Codogener Strang 3‘-5‘
mRNA 5‘-3’
Der genetische Code ist … (seine Eigenschafften)
ein Triplett-Code: drei Basen codieren eine Aminosäure
überlappungsfrei:
Die Basentripletts werden hintereinander abgelesen
es wird keine Base in zwei Tripletts benutzt
kommafrei:
Die Tripletts folgen ohne Leerstellen aufeinander
alle Codons werden lückenlos abgelesen
eindeutig: Jedem Triplett ist genau eine Aminosäure zugeordnet
redundant (degeneriert):
AS werden von mehreren Tripletts codiert (es gibt mehr Codonen als notwendig
64 für 20 Aminosäuren)
verschiedene Tripletts können für die gleiche Aminosäure codieren
universell:
In fast allen Organismen stimmen Codes und zugehörige Aminosäuren überein
die DNA eines Menschen codiert z.B. im Stoffwechsel eines Bakteriums das gleiche Protein
Was macht der genetische Code ?
liefert die Übersetzungsvorschrift, um aus einer mRNA-Basensequenz die Aminosäuresequenz eines Proteins abzuleiten
Wie viele mögliche Codons gibt es ?
Wenn 3 aufeinanderfolgende Basen eine AS codieren, gibt es 64 (4 hoch 3) mögliche Codons
Welche Anwendungsmöglichkeiten gibt es bei PCR?
Kriminalistik
Nachweis von Viruserkrankungen: Bei sonst nicht nachweisbaren Infektionen (z.B. AIDS)
Nahrungsmittelkontrolle
Klärung von Verwandtschaftsbeziehungen:
evolutionäre Entwicklungslinien aufstellen z.B. zwischen Fossilfunden und heute noch lebenden (rezenten) Formen
Was wird für PCR benötigt ?
Den zu vervielfältigen DNA-Abschnitt
Nukleotide (dNTPs = desoxy-Nukleosid-Triphosphat)

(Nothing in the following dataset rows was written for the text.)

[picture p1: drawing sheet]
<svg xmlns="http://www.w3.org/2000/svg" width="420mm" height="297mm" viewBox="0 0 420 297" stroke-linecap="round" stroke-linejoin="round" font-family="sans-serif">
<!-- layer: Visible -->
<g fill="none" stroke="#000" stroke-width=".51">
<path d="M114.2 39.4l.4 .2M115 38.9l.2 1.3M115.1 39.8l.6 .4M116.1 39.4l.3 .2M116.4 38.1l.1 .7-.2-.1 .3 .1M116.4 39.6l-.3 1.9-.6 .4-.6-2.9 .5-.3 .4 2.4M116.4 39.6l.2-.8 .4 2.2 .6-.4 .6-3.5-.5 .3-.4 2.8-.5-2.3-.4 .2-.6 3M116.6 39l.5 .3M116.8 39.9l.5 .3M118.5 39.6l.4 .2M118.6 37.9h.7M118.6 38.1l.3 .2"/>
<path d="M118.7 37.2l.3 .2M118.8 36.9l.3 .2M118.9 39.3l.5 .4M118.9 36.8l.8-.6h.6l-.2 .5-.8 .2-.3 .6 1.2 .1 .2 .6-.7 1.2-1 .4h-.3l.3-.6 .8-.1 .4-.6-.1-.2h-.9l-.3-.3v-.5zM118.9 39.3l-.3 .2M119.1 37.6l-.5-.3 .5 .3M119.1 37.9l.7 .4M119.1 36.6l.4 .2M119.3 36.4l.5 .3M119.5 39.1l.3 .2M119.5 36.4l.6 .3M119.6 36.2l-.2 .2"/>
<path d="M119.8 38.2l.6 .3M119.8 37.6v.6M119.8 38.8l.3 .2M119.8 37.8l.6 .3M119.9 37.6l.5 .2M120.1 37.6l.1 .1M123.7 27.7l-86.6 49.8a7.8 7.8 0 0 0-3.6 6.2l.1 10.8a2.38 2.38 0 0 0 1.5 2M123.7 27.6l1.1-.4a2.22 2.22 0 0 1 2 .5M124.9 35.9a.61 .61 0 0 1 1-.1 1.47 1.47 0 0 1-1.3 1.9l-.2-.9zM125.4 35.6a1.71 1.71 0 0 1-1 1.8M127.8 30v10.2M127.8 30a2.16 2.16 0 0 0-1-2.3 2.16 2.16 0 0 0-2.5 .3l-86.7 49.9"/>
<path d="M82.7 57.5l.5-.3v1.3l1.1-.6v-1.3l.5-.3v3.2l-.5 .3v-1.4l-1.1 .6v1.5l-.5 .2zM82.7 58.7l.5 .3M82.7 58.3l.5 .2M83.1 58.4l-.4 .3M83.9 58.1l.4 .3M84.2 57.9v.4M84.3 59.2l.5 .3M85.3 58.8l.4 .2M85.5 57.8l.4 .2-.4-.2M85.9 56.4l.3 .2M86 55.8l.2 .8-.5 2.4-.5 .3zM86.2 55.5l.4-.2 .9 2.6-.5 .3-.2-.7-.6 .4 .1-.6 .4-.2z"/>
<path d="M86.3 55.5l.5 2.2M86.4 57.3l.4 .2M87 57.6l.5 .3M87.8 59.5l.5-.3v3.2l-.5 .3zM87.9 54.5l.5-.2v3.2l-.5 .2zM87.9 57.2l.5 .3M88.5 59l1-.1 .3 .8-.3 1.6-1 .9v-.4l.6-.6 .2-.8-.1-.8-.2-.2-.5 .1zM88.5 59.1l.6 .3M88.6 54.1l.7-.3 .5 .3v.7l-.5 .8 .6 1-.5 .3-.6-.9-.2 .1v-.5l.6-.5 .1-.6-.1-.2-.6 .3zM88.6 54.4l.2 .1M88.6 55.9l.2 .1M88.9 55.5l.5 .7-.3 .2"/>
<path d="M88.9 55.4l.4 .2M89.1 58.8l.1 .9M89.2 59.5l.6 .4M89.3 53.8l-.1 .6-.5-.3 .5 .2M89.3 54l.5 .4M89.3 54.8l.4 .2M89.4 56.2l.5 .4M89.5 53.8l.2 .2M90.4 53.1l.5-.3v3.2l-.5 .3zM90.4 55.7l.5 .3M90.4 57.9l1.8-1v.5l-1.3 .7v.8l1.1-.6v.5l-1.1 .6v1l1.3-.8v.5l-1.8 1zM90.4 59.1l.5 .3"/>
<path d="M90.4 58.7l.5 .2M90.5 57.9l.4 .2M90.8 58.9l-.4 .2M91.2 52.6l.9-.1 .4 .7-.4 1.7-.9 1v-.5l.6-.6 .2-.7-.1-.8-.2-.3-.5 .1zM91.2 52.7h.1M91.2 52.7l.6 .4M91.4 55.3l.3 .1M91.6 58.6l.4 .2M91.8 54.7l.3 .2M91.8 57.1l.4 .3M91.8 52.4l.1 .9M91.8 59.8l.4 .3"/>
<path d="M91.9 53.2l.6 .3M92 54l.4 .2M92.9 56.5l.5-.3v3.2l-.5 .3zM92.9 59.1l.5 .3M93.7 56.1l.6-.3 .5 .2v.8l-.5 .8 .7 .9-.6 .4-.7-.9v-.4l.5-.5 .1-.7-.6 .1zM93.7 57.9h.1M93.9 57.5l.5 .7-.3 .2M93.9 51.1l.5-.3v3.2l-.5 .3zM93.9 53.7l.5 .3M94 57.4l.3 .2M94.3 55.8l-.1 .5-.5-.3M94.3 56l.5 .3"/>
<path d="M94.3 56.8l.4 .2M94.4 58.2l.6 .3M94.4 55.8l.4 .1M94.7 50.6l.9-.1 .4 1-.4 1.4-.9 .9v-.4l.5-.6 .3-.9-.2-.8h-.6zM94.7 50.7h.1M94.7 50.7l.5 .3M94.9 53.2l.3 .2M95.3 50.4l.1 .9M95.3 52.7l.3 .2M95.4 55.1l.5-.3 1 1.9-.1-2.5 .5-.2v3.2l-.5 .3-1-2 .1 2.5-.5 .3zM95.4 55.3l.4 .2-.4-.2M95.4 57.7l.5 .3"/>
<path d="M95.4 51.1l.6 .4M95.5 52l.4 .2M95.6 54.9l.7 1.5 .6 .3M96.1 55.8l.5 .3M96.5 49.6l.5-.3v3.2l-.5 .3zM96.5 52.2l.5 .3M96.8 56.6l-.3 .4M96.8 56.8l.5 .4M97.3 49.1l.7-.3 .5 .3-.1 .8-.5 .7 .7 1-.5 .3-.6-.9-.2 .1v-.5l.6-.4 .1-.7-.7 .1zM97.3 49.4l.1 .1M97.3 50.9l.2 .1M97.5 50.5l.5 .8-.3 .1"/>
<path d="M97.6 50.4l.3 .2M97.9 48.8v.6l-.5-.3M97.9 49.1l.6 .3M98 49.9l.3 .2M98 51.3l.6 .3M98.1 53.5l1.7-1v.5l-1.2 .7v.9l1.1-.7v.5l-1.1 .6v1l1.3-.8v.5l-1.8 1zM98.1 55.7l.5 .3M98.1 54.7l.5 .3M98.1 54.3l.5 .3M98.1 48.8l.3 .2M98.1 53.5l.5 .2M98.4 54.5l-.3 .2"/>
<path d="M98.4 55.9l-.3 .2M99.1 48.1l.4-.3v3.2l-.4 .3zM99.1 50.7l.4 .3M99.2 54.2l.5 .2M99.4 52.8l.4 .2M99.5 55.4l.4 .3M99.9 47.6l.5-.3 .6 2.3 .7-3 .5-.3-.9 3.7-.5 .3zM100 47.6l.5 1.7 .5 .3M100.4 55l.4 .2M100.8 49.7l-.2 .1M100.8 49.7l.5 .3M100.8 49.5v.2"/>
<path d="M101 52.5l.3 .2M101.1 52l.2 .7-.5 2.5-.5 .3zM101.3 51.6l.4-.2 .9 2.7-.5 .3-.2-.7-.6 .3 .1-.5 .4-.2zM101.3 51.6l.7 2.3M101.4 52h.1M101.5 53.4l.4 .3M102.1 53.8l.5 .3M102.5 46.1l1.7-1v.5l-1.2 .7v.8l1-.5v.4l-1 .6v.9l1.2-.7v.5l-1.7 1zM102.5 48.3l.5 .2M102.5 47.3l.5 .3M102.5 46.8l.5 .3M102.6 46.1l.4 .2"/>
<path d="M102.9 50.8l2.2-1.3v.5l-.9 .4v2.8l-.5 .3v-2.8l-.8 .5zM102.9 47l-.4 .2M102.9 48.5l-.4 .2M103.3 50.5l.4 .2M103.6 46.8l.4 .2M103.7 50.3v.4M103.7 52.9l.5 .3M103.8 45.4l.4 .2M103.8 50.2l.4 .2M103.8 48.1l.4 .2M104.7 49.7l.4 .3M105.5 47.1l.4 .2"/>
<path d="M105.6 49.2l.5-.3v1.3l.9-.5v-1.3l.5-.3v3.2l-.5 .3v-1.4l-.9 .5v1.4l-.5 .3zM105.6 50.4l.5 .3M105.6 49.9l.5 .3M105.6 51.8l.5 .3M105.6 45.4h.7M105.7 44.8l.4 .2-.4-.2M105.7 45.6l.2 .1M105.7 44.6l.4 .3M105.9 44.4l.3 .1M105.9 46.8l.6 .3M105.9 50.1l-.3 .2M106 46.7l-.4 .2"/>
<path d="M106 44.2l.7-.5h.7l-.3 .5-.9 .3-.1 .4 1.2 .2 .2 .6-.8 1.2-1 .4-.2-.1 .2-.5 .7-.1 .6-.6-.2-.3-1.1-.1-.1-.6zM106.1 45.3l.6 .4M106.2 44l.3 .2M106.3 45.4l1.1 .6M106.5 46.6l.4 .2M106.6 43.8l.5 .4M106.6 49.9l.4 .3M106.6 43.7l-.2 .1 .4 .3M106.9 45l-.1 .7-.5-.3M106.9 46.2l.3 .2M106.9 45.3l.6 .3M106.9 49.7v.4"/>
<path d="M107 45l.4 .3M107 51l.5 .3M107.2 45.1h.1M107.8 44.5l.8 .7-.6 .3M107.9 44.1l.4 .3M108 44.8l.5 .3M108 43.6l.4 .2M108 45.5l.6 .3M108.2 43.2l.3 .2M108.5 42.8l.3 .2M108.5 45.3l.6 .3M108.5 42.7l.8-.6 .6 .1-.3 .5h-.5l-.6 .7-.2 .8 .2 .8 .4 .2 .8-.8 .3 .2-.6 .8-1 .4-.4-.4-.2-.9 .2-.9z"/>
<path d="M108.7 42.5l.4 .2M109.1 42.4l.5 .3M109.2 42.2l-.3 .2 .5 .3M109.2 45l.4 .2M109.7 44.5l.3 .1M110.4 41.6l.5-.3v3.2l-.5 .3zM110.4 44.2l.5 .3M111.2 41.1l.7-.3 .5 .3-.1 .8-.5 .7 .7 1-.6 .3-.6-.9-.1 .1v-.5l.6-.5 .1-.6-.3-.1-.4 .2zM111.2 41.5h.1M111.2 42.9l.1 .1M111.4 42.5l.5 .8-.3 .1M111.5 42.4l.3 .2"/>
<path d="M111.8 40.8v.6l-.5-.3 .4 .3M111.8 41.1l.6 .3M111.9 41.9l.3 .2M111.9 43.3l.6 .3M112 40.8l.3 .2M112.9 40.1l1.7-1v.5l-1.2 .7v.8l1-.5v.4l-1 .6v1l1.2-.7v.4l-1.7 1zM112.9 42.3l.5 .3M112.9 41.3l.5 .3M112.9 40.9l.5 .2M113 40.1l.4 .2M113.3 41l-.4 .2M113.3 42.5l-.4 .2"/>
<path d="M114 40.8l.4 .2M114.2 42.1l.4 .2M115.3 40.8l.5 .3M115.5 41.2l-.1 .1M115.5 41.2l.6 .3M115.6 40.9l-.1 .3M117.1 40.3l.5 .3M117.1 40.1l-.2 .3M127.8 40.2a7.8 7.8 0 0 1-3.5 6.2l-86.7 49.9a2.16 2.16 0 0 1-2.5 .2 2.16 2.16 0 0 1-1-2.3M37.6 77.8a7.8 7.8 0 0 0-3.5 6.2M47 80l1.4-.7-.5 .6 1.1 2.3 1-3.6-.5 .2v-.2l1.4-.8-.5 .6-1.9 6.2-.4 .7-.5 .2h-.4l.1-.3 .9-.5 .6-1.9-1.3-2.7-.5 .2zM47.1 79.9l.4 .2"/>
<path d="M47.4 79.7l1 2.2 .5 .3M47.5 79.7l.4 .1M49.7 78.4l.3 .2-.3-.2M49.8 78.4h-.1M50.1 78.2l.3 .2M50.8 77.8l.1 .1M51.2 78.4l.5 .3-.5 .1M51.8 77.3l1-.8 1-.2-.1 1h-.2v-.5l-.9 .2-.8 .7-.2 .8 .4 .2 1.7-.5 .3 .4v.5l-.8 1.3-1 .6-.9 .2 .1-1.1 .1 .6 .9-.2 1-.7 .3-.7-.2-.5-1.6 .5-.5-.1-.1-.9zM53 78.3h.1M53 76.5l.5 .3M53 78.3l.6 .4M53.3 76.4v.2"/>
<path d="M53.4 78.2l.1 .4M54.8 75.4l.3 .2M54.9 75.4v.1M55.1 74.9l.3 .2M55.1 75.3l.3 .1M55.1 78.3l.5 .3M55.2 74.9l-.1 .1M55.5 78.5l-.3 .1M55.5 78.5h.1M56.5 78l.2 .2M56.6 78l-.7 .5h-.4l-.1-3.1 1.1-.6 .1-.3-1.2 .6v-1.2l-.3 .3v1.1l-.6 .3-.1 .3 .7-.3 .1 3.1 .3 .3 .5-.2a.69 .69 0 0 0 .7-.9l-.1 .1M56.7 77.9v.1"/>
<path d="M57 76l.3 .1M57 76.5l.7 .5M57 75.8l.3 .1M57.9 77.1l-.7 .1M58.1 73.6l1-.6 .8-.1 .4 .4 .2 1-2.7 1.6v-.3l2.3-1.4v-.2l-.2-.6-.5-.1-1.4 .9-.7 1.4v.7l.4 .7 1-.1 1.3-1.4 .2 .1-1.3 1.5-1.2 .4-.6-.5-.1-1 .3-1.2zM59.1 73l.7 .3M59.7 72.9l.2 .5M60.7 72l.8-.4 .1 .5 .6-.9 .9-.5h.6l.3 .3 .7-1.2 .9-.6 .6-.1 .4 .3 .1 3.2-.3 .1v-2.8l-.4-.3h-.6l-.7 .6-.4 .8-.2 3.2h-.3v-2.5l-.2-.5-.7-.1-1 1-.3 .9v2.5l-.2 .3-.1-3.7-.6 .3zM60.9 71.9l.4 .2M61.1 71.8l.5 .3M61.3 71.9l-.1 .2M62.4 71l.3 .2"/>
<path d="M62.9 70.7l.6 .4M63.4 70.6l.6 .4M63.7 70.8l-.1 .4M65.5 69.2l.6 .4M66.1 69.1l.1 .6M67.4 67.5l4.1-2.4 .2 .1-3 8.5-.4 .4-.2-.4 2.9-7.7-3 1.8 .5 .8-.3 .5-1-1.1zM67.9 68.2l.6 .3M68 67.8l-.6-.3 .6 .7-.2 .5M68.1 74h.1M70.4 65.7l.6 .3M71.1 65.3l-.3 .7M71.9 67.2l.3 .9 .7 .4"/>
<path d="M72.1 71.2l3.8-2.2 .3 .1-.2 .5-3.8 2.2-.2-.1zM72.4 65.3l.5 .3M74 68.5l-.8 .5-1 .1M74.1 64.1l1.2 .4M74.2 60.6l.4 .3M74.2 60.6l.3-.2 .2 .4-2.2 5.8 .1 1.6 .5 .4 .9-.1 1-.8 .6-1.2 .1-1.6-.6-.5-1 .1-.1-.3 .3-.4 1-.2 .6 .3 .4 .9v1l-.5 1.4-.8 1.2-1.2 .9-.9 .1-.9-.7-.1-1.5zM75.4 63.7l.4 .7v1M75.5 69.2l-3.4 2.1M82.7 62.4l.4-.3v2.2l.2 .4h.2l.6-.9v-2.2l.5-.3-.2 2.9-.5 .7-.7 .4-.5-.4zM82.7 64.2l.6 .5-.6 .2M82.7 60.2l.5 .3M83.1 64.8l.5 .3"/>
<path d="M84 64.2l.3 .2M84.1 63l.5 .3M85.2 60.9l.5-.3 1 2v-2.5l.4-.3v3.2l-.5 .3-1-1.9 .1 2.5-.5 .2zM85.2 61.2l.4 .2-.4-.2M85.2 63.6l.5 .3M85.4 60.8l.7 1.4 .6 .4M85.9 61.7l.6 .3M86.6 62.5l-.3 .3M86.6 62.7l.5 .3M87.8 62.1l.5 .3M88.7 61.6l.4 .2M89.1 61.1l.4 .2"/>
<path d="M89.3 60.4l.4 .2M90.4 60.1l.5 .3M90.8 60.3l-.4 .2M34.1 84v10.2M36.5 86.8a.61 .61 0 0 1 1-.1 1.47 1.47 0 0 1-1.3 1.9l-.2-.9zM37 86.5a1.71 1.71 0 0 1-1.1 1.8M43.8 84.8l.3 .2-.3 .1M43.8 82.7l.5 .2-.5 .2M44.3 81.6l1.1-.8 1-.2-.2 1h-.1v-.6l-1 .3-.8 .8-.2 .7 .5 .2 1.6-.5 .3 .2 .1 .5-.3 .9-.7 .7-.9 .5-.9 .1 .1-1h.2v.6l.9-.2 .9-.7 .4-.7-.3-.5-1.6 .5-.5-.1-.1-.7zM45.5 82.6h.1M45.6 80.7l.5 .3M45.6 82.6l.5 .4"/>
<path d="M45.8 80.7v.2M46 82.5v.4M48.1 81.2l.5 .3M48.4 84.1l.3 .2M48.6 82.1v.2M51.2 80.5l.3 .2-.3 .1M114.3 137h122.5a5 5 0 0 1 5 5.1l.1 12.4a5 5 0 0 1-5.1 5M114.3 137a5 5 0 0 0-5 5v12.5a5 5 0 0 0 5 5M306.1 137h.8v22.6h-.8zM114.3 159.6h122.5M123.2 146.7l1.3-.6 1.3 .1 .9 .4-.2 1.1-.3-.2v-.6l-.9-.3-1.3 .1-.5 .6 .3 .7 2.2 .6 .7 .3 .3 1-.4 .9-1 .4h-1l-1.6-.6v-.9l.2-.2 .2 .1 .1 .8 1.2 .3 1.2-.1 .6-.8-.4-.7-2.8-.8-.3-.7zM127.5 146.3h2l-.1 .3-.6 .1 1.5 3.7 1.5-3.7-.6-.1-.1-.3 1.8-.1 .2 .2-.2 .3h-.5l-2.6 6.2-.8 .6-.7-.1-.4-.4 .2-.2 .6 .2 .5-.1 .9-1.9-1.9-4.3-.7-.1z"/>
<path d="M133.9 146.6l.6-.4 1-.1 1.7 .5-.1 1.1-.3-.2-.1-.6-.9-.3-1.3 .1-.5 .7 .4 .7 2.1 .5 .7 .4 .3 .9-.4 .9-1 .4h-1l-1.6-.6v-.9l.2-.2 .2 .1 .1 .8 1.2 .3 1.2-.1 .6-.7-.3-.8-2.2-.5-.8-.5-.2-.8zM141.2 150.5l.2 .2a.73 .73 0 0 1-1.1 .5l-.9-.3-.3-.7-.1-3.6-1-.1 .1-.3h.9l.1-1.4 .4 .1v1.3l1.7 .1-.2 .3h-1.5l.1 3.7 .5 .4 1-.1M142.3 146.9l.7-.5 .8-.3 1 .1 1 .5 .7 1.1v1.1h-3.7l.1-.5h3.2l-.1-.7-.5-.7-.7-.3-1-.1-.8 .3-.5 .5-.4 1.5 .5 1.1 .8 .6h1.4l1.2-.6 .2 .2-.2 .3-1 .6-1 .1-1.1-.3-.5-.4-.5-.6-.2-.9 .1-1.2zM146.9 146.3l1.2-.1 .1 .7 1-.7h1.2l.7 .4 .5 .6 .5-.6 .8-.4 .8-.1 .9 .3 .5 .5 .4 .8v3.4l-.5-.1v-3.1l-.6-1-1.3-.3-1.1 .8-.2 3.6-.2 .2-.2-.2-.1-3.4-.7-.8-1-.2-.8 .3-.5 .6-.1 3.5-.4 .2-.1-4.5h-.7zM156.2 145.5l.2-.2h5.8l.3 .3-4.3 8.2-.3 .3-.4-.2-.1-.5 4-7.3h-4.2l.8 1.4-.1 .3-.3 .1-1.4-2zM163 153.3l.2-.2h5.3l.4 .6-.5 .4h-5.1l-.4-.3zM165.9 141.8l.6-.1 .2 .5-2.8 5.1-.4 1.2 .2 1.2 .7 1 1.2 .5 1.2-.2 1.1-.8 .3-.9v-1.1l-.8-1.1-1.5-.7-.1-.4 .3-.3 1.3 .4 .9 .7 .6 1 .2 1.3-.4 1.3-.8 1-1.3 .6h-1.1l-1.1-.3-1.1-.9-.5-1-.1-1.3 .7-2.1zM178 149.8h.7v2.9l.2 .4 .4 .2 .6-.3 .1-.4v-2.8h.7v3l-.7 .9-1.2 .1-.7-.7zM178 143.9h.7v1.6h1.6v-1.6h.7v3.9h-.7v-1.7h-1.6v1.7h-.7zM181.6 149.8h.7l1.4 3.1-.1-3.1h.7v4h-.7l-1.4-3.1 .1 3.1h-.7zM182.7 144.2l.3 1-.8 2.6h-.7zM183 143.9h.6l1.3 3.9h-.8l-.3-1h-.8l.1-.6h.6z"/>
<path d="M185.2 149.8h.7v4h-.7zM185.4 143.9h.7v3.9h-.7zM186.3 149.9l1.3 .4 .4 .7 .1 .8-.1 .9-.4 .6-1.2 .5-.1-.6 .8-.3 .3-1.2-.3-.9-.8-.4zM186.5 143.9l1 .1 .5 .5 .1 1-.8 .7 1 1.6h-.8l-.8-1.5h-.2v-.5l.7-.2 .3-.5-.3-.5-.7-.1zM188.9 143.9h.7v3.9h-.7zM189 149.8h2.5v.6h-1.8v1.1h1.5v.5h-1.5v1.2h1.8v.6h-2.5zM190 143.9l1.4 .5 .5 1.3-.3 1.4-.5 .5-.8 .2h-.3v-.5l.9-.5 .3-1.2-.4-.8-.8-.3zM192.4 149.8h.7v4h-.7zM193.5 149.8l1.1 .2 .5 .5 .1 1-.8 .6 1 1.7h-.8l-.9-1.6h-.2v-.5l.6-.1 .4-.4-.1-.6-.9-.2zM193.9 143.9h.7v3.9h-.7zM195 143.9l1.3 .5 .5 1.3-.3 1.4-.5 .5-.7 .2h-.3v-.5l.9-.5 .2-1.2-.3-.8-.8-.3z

Hitzestabile DNA-Polymerasen (taq-Polymerase)
Zwei DNA-Primer
Wässriges Milieu/Pufferlösung
Ablauf PCR
Denaturierung
DNA-Strang/DNA-Abschnitt wird auf 94°C erhitzt
Wasserstoffbrückenbindungen lösen sich auf
DNA-Einzelstränge aufgelöst
Hybridisierung
Abkühlen auf etwa 50-60°C
Anlagerung von Primern auf DNA-Einzelstränge
Primer komplementär zu 3‘-Ende —> Startpunkte für DNA-Polymerase
Erhitzen bei 68-72°C
Hitzebeständige DNA-Polymerasen lagern an Primer
Synthese der komplementären DNA-Stränge ausgehend vom 3‘-Ende
Reaktionsschritte werden zyklisch wiederholt —> exponentielle Vermehrung der DNA-Abschnitte
Die DNA-Polymerase (taq-Polymerase) stammt aus ein Tiefseebakterium aus heißen Quellen
Was ist die Gelektrophorese und was macht diese ?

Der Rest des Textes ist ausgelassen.